Records drawn from a dataset
────
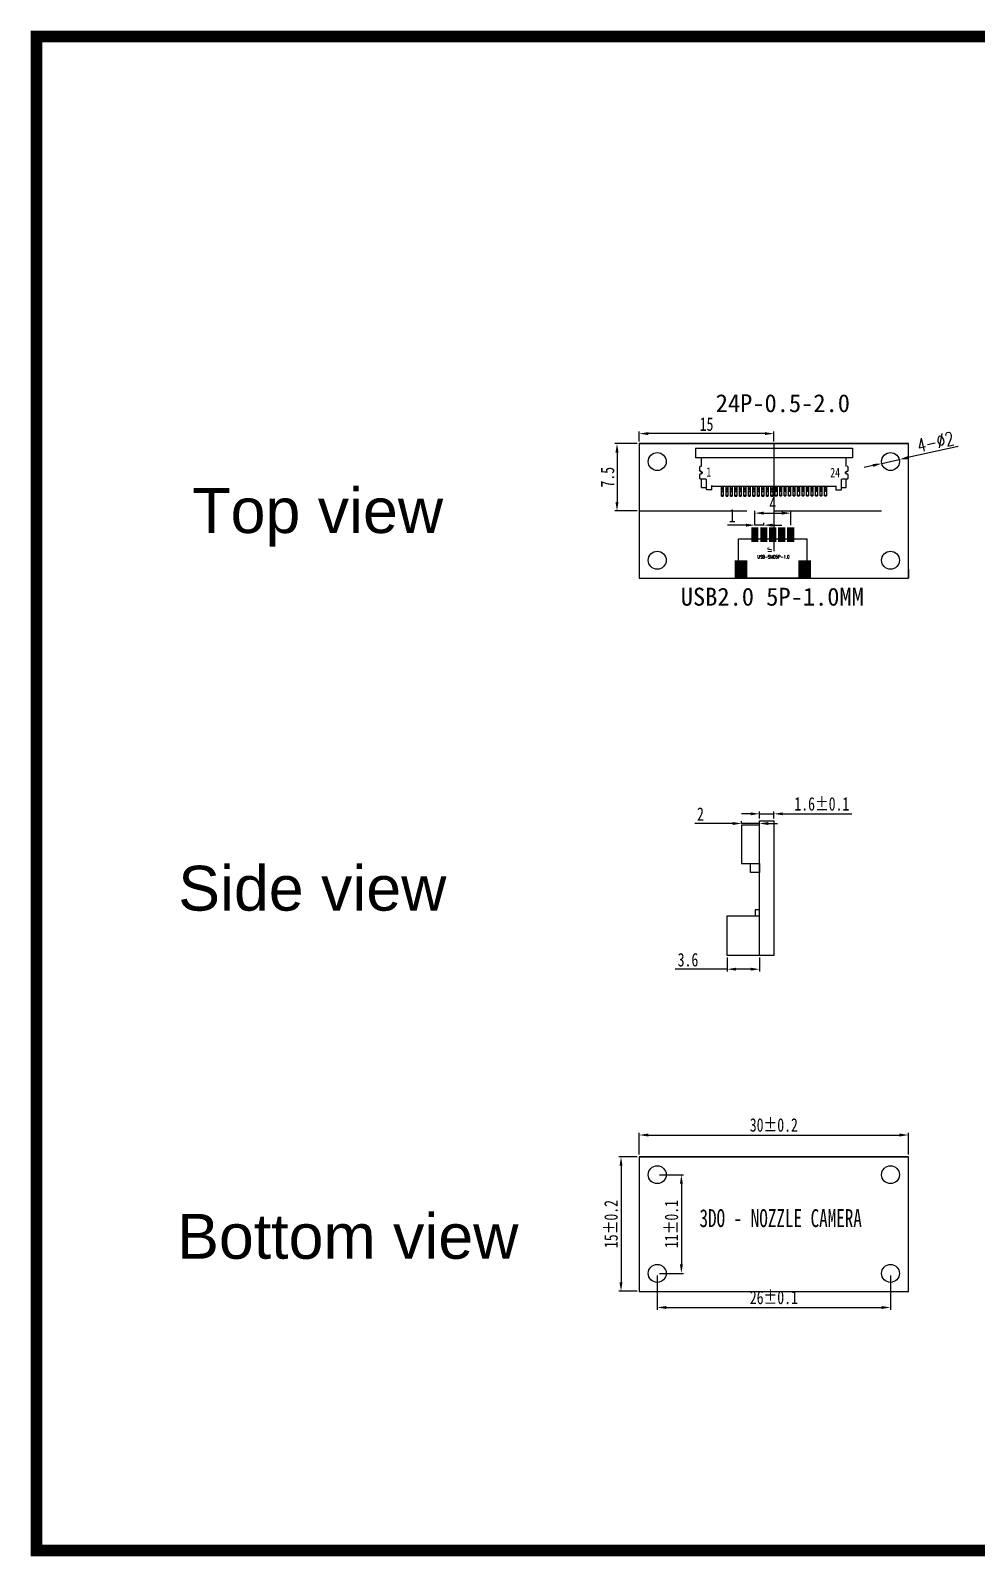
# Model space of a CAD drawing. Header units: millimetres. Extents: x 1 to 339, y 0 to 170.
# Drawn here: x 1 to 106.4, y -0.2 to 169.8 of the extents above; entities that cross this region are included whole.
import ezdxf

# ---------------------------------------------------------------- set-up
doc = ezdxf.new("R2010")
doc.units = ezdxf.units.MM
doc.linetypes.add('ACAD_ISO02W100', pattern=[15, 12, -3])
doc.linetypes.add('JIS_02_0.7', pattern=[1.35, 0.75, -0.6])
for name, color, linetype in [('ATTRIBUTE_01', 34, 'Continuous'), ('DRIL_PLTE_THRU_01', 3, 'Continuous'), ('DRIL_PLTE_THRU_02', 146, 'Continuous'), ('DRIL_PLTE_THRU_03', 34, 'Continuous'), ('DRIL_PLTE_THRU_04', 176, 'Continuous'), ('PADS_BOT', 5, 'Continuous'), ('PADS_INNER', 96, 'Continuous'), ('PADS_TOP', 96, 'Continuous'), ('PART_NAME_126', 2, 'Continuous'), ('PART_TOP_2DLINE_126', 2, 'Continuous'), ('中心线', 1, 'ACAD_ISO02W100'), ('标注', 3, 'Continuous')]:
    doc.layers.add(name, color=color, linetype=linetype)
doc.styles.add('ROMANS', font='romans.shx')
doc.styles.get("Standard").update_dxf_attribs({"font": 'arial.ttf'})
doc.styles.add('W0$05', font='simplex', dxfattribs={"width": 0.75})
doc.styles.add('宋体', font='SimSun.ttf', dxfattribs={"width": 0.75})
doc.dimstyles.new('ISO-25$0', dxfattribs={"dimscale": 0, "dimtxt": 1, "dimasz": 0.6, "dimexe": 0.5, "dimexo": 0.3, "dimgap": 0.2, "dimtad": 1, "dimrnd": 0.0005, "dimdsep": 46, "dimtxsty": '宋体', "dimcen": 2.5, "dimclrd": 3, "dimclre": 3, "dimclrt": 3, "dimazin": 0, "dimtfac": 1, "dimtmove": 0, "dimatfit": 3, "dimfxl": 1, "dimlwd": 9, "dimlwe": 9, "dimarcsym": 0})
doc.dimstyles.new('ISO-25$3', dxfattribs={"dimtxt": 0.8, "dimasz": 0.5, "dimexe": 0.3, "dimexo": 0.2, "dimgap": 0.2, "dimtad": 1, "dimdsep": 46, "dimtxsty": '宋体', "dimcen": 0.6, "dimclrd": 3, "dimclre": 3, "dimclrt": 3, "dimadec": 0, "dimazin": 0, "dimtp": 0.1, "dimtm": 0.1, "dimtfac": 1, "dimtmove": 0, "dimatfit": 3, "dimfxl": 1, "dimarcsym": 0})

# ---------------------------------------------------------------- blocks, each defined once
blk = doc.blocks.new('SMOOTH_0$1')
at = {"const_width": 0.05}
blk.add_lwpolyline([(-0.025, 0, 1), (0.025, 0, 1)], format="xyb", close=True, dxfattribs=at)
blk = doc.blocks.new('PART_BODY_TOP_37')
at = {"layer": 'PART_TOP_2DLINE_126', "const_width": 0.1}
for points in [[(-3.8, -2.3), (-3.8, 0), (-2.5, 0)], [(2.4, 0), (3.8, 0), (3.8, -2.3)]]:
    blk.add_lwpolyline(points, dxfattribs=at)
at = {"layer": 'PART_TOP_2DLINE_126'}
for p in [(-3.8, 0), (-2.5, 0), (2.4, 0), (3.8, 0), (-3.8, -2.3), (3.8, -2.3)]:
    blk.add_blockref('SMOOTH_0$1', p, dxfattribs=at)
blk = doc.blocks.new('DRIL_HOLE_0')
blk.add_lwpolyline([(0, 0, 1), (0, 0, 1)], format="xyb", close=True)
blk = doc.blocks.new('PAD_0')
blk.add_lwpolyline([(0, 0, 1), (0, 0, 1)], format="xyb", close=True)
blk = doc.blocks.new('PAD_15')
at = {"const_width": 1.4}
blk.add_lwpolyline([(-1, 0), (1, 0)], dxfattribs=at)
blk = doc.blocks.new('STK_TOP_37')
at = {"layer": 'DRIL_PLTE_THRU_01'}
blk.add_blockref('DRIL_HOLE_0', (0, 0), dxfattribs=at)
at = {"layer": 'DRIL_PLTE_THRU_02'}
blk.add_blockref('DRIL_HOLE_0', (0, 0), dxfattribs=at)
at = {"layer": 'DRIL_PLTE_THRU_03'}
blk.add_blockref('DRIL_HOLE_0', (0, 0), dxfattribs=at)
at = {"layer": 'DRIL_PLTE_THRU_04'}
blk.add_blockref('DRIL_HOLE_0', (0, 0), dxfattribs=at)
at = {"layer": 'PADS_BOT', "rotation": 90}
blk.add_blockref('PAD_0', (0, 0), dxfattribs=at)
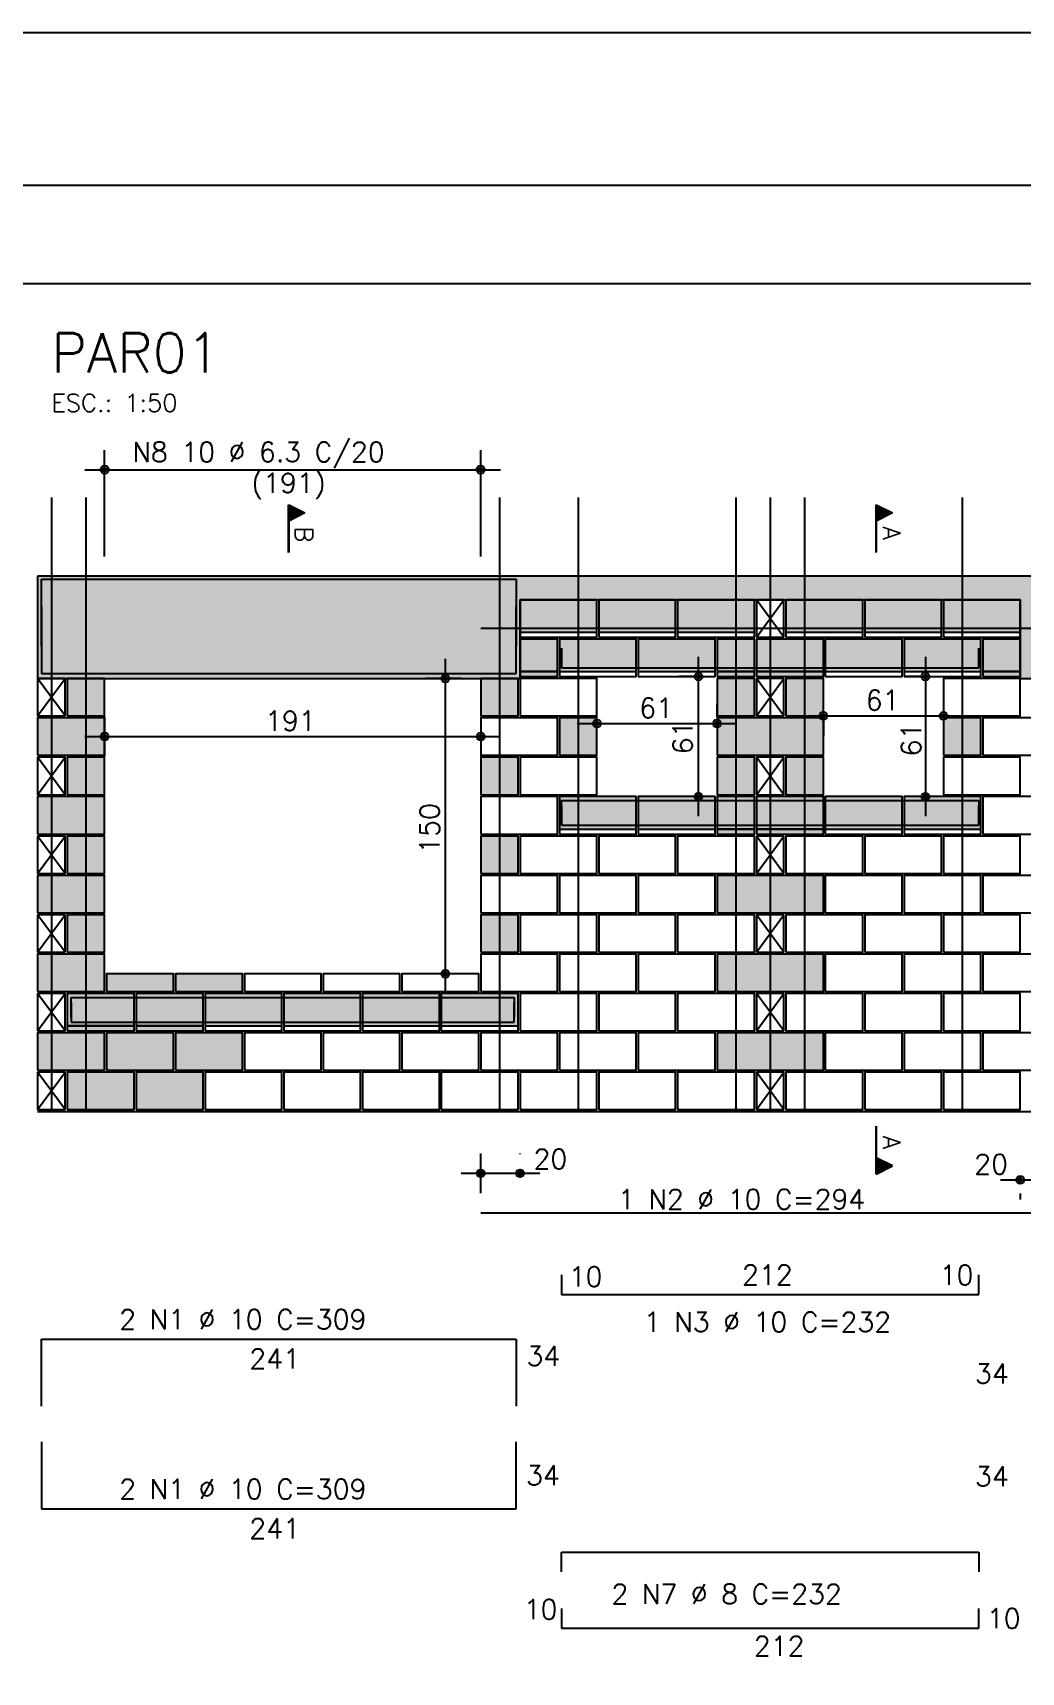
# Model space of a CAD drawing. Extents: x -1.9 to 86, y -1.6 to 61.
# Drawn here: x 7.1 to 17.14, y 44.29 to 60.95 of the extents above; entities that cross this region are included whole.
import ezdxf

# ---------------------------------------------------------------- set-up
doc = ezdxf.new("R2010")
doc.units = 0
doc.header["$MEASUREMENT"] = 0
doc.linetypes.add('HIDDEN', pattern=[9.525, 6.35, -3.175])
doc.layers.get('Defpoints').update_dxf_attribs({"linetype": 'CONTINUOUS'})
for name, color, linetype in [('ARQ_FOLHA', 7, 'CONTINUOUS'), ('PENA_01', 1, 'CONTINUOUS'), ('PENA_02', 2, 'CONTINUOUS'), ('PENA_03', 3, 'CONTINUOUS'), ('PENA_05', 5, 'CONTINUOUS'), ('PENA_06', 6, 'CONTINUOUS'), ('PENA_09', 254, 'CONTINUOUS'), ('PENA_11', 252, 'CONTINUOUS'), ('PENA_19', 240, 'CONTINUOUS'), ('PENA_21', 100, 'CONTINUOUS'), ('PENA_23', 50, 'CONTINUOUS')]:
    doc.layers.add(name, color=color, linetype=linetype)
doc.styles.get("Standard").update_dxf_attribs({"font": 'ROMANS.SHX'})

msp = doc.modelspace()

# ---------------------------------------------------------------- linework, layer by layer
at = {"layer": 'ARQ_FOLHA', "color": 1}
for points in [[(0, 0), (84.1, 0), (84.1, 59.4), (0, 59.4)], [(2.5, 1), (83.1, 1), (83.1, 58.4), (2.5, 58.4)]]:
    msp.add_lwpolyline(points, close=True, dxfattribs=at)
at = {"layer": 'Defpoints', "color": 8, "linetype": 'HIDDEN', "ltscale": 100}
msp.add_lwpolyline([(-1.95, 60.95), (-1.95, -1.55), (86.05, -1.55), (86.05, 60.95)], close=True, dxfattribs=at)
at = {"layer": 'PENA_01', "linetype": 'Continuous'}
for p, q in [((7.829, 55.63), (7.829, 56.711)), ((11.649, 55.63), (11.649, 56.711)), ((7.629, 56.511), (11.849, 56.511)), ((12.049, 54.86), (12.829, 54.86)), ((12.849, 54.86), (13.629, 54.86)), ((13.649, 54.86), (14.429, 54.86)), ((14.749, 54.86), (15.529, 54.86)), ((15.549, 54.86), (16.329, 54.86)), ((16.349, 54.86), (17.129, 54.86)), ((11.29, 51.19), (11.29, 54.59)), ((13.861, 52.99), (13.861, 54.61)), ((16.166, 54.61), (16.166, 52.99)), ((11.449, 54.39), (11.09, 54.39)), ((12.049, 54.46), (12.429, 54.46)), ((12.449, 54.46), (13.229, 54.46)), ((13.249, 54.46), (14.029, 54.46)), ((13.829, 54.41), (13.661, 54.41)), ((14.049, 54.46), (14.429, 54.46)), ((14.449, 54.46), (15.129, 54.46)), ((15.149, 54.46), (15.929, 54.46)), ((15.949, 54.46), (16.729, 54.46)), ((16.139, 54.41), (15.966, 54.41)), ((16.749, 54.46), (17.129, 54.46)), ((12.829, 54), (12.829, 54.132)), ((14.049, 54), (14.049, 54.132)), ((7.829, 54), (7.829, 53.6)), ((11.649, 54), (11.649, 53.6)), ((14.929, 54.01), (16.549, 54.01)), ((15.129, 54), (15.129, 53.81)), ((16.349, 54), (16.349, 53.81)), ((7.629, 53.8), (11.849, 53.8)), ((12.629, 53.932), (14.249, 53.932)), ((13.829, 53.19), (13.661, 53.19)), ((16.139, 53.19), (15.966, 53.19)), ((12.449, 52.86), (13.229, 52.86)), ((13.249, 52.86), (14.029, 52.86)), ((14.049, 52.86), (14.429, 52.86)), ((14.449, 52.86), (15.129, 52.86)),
────
*EXERCISE*: From the records given above, copy all lines containing "dimazin".

*RESULT FOR THIS EXERCISE*:
doc.dimstyles.new('ISO-25$0', dxfattribs={"dimscale": 0, "dimtxt": 1, "dimasz": 0.6, "dimexe": 0.5, "dimexo": 0.3, "dimgap": 0.2, "dimtad": 1, "dimrnd": 0.0005, "dimdsep": 46, "dimtxsty": '宋体', "dimcen": 2.5, "dimclrd": 3, "dimclre": 3, "dimclrt": 3, "dimazin": 0, "dimtfac": 1, "dimtmove": 0, "dimatfit": 3, "dimfxl": 1, "dimlwd": 9, "dimlwe": 9, "dimarcsym": 0})
doc.dimstyles.new('ISO-25$3', dxfattribs={"dimtxt": 0.8, "dimasz": 0.5, "dimexe": 0.3, "dimexo": 0.2, "dimgap": 0.2, "dimtad": 1, "dimdsep": 46, "dimtxsty": '宋体', "dimcen": 0.6, "dimclrd": 3, "dimclre": 3, "dimclrt": 3, "dimadec": 0, "dimazin": 0, "dimtp": 0.1, "dimtm": 0.1, "dimtfac": 1, "dimtmove": 0, "dimatfit": 3, "dimfxl": 1, "dimarcsym": 0})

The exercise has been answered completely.